▶ _Your goal_:
Return exactly the span of lines in the following data that opens with the line containing "#76=CARTESIAN_POINT('',(0.,-0.2,0.4855));" and closes with the line containing "#140=CARTESIAN_POINT('',(0.175,-0.2,0.3855));". Include nothing else.

--- START ---

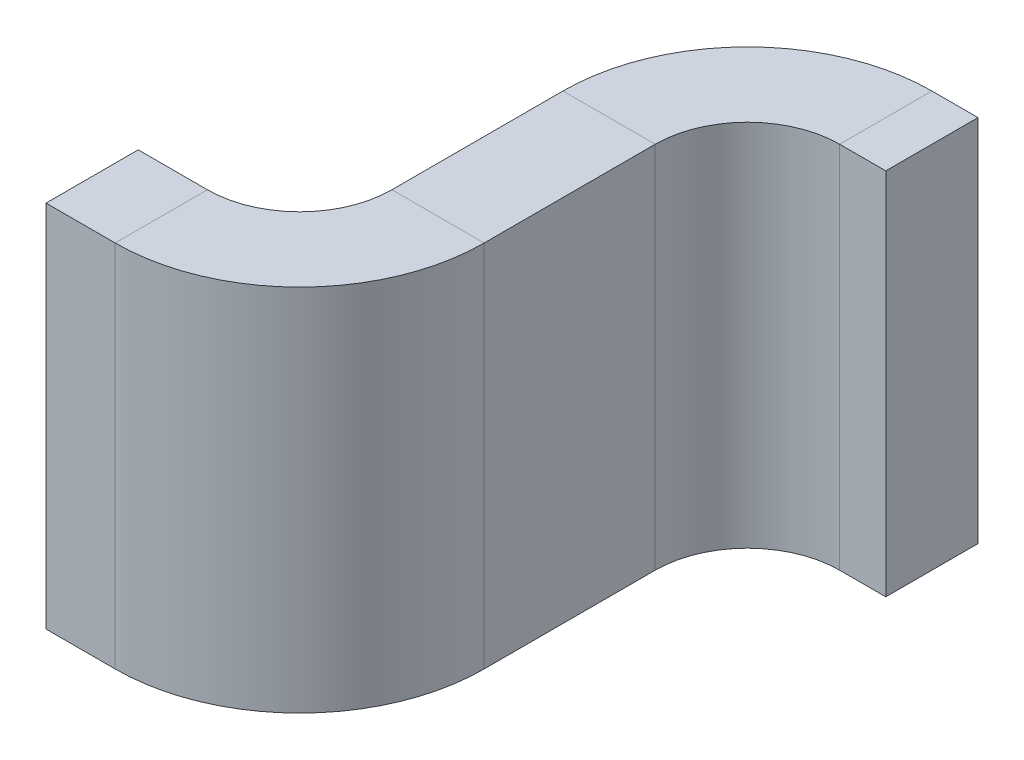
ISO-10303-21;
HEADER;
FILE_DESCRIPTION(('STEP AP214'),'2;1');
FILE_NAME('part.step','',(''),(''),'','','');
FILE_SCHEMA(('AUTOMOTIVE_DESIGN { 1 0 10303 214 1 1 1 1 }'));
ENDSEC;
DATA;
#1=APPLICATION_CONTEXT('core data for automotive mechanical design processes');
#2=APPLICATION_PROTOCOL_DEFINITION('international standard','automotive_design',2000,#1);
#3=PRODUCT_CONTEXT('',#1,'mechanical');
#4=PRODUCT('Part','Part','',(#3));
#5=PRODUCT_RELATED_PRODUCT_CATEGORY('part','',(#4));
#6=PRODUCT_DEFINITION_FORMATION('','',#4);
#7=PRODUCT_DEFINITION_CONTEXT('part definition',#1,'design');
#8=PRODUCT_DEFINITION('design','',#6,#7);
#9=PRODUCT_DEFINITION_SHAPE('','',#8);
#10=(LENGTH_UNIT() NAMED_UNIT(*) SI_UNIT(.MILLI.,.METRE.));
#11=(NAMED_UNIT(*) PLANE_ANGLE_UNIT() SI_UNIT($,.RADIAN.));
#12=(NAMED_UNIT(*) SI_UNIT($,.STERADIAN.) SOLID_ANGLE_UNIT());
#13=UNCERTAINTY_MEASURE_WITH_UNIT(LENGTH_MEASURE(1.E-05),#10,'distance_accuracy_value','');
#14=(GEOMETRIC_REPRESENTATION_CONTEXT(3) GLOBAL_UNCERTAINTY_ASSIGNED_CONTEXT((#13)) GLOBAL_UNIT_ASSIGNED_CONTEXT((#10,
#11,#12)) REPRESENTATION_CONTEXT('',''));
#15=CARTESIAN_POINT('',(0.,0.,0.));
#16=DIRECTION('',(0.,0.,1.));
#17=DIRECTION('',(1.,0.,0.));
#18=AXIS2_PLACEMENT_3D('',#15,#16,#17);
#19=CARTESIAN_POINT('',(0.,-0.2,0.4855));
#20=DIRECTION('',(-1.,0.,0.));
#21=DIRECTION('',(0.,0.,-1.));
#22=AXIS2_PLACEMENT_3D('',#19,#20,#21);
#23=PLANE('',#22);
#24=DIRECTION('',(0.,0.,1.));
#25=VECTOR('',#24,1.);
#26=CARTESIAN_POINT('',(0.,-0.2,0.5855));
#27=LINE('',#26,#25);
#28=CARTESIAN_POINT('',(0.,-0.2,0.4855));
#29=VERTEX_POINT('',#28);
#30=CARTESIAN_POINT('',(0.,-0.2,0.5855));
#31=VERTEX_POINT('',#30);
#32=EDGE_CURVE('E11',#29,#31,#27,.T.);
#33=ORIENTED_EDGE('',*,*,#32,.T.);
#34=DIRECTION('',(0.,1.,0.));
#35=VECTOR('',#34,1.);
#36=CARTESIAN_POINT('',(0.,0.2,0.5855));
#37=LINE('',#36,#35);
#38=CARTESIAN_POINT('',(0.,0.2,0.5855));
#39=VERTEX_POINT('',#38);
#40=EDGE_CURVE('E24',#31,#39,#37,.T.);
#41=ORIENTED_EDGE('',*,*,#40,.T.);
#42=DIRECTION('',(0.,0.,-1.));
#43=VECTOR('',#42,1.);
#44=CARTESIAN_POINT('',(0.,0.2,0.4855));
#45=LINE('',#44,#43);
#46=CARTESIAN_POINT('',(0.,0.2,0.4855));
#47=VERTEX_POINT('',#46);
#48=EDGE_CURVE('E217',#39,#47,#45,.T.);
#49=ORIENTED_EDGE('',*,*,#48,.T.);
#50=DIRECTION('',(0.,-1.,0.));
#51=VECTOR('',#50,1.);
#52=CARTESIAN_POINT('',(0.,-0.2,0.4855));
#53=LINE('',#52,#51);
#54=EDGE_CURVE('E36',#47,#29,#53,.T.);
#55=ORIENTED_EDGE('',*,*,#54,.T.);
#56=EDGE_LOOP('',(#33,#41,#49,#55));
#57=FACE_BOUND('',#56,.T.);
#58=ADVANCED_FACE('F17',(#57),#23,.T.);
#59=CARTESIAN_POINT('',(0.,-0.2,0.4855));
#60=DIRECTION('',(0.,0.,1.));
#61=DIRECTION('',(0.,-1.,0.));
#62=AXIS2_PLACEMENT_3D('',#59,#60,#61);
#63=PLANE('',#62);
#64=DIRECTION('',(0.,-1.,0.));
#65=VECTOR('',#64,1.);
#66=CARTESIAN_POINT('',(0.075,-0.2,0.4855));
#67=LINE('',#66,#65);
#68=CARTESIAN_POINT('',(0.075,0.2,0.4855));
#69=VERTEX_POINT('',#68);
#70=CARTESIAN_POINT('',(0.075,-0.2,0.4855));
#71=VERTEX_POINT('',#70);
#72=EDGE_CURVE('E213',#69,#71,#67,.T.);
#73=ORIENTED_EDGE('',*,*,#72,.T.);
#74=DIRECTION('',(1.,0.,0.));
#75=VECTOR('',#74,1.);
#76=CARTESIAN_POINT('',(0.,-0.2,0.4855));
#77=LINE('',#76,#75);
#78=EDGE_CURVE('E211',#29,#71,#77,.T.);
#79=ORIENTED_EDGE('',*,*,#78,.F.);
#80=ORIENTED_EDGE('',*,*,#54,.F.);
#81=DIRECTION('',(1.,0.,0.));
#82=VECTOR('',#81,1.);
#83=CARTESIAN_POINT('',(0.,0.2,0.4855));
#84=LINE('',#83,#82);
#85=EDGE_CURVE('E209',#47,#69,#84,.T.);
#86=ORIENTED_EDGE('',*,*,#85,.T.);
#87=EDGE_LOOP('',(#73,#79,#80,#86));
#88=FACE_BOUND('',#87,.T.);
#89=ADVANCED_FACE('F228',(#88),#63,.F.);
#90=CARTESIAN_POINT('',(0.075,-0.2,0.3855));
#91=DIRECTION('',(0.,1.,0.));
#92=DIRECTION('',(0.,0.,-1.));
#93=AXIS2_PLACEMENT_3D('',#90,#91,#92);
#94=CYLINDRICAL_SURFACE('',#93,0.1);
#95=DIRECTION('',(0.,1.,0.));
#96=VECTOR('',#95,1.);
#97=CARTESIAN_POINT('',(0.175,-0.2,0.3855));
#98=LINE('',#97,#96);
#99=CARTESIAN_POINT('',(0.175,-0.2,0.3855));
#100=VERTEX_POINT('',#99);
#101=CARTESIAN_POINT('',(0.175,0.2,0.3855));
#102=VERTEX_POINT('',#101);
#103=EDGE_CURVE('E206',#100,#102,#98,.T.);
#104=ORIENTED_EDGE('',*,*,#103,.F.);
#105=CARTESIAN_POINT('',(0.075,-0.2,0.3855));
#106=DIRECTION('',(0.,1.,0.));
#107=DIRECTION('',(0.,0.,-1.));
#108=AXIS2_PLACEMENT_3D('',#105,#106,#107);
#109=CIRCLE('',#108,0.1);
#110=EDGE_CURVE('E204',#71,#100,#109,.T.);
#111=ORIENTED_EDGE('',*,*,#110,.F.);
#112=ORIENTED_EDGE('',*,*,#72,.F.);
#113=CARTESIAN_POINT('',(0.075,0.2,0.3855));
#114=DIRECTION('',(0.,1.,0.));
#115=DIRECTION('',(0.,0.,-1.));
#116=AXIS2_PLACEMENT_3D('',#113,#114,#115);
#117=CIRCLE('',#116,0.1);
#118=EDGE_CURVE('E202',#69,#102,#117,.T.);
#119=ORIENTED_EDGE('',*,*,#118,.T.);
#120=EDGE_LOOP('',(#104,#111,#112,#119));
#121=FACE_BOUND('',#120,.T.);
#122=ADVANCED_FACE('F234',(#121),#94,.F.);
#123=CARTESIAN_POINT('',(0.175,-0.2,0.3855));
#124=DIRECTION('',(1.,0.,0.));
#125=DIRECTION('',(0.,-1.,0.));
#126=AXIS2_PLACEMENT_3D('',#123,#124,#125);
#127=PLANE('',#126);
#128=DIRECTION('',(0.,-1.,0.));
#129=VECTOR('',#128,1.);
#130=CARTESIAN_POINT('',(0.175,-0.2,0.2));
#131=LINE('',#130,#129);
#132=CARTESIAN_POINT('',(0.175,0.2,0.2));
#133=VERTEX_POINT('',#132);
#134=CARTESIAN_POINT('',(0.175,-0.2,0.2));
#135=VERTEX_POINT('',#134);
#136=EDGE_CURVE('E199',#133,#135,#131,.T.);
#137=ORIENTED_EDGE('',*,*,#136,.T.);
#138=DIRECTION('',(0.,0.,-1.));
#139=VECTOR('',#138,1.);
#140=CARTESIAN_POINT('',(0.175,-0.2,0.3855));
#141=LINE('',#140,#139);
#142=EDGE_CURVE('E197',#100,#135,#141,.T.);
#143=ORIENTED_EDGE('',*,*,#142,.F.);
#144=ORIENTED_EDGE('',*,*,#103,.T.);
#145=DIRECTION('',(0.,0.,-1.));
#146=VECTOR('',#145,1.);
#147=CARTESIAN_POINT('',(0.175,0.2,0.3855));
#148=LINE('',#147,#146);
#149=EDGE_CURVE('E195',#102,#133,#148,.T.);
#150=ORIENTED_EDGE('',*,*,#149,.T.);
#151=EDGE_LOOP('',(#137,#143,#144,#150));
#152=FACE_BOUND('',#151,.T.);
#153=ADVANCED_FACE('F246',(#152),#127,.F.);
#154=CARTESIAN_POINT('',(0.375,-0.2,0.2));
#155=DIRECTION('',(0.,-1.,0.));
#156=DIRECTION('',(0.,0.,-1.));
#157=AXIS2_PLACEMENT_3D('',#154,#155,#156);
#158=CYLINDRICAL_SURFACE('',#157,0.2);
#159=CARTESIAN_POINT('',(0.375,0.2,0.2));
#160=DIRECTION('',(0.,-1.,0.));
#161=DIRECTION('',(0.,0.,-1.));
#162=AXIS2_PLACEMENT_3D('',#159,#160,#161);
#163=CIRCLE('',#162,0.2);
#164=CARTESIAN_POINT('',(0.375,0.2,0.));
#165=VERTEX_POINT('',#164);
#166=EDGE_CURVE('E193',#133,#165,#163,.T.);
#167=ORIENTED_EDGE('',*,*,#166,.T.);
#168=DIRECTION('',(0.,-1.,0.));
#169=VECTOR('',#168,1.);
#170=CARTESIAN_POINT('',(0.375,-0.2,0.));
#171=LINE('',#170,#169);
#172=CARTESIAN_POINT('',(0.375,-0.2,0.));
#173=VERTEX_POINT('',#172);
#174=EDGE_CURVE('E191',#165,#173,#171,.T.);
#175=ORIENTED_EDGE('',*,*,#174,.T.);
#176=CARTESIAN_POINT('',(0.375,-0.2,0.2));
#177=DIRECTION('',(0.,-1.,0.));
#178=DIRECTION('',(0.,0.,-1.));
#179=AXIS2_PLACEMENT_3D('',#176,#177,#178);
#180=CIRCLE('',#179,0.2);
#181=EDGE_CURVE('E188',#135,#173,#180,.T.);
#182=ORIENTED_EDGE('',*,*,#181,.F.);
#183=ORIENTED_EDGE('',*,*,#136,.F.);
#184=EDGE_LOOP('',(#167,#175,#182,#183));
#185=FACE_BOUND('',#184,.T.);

--- END ---

▶ _Answer space_:
#76=CARTESIAN_POINT('',(0.,-0.2,0.4855));
#77=LINE('',#76,#75);
#78=EDGE_CURVE('E211',#29,#71,#77,.T.);
#79=ORIENTED_EDGE('',*,*,#78,.F.);
#80=ORIENTED_EDGE('',*,*,#54,.F.);
#81=DIRECTION('',(1.,0.,0.));
#82=VECTOR('',#81,1.);
#83=CARTESIAN_POINT('',(0.,0.2,0.4855));
#84=LINE('',#83,#82);
#85=EDGE_CURVE('E209',#47,#69,#84,.T.);
#86=ORIENTED_EDGE('',*,*,#85,.T.);
#87=EDGE_LOOP('',(#73,#79,#80,#86));
#88=FACE_BOUND('',#87,.T.);
#89=ADVANCED_FACE('F228',(#88),#63,.F.);
#90=CARTESIAN_POINT('',(0.075,-0.2,0.3855));
#91=DIRECTION('',(0.,1.,0.));
#92=DIRECTION('',(0.,0.,-1.));
#93=AXIS2_PLACEMENT_3D('',#90,#91,#92);
#94=CYLINDRICAL_SURFACE('',#93,0.1);
#95=DIRECTION('',(0.,1.,0.));
#96=VECTOR('',#95,1.);
#97=CARTESIAN_POINT('',(0.175,-0.2,0.3855));
#98=LINE('',#97,#96);
#99=CARTESIAN_POINT('',(0.175,-0.2,0.3855));
#100=VERTEX_POINT('',#99);
#101=CARTESIAN_POINT('',(0.175,0.2,0.3855));
#102=VERTEX_POINT('',#101);
#103=EDGE_CURVE('E206',#100,#102,#98,.T.);
#104=ORIENTED_EDGE('',*,*,#103,.F.);
#105=CARTESIAN_POINT('',(0.075,-0.2,0.3855));
#106=DIRECTION('',(0.,1.,0.));
#107=DIRECTION('',(0.,0.,-1.));
#108=AXIS2_PLACEMENT_3D('',#105,#106,#107);
#109=CIRCLE('',#108,0.1);
#110=EDGE_CURVE('E204',#71,#100,#109,.T.);
#111=ORIENTED_EDGE('',*,*,#110,.F.);
#112=ORIENTED_EDGE('',*,*,#72,.F.);
#113=CARTESIAN_POINT('',(0.075,0.2,0.3855));
#114=DIRECTION('',(0.,1.,0.));
#115=DIRECTION('',(0.,0.,-1.));
#116=AXIS2_PLACEMENT_3D('',#113,#114,#115);
#117=CIRCLE('',#116,0.1);
#118=EDGE_CURVE('E202',#69,#102,#117,.T.);
#119=ORIENTED_EDGE('',*,*,#118,.T.);
#120=EDGE_LOOP('',(#104,#111,#112,#119));
#121=FACE_BOUND('',#120,.T.);
#122=ADVANCED_FACE('F234',(#121),#94,.F.);
#123=CARTESIAN_POINT('',(0.175,-0.2,0.3855));
#124=DIRECTION('',(1.,0.,0.));
#125=DIRECTION('',(0.,-1.,0.));
#126=AXIS2_PLACEMENT_3D('',#123,#124,#125);
#127=PLANE('',#126);
#128=DIRECTION('',(0.,-1.,0.));
#129=VECTOR('',#128,1.);
#130=CARTESIAN_POINT('',(0.175,-0.2,0.2));
#131=LINE('',#130,#129);
#132=CARTESIAN_POINT('',(0.175,0.2,0.2));
#133=VERTEX_POINT('',#132);
#134=CARTESIAN_POINT('',(0.175,-0.2,0.2));
#135=VERTEX_POINT('',#134);
#136=EDGE_CURVE('E199',#133,#135,#131,.T.);
#137=ORIENTED_EDGE('',*,*,#136,.T.);
#138=DIRECTION('',(0.,0.,-1.));
#139=VECTOR('',#138,1.);
#140=CARTESIAN_POINT('',(0.175,-0.2,0.3855));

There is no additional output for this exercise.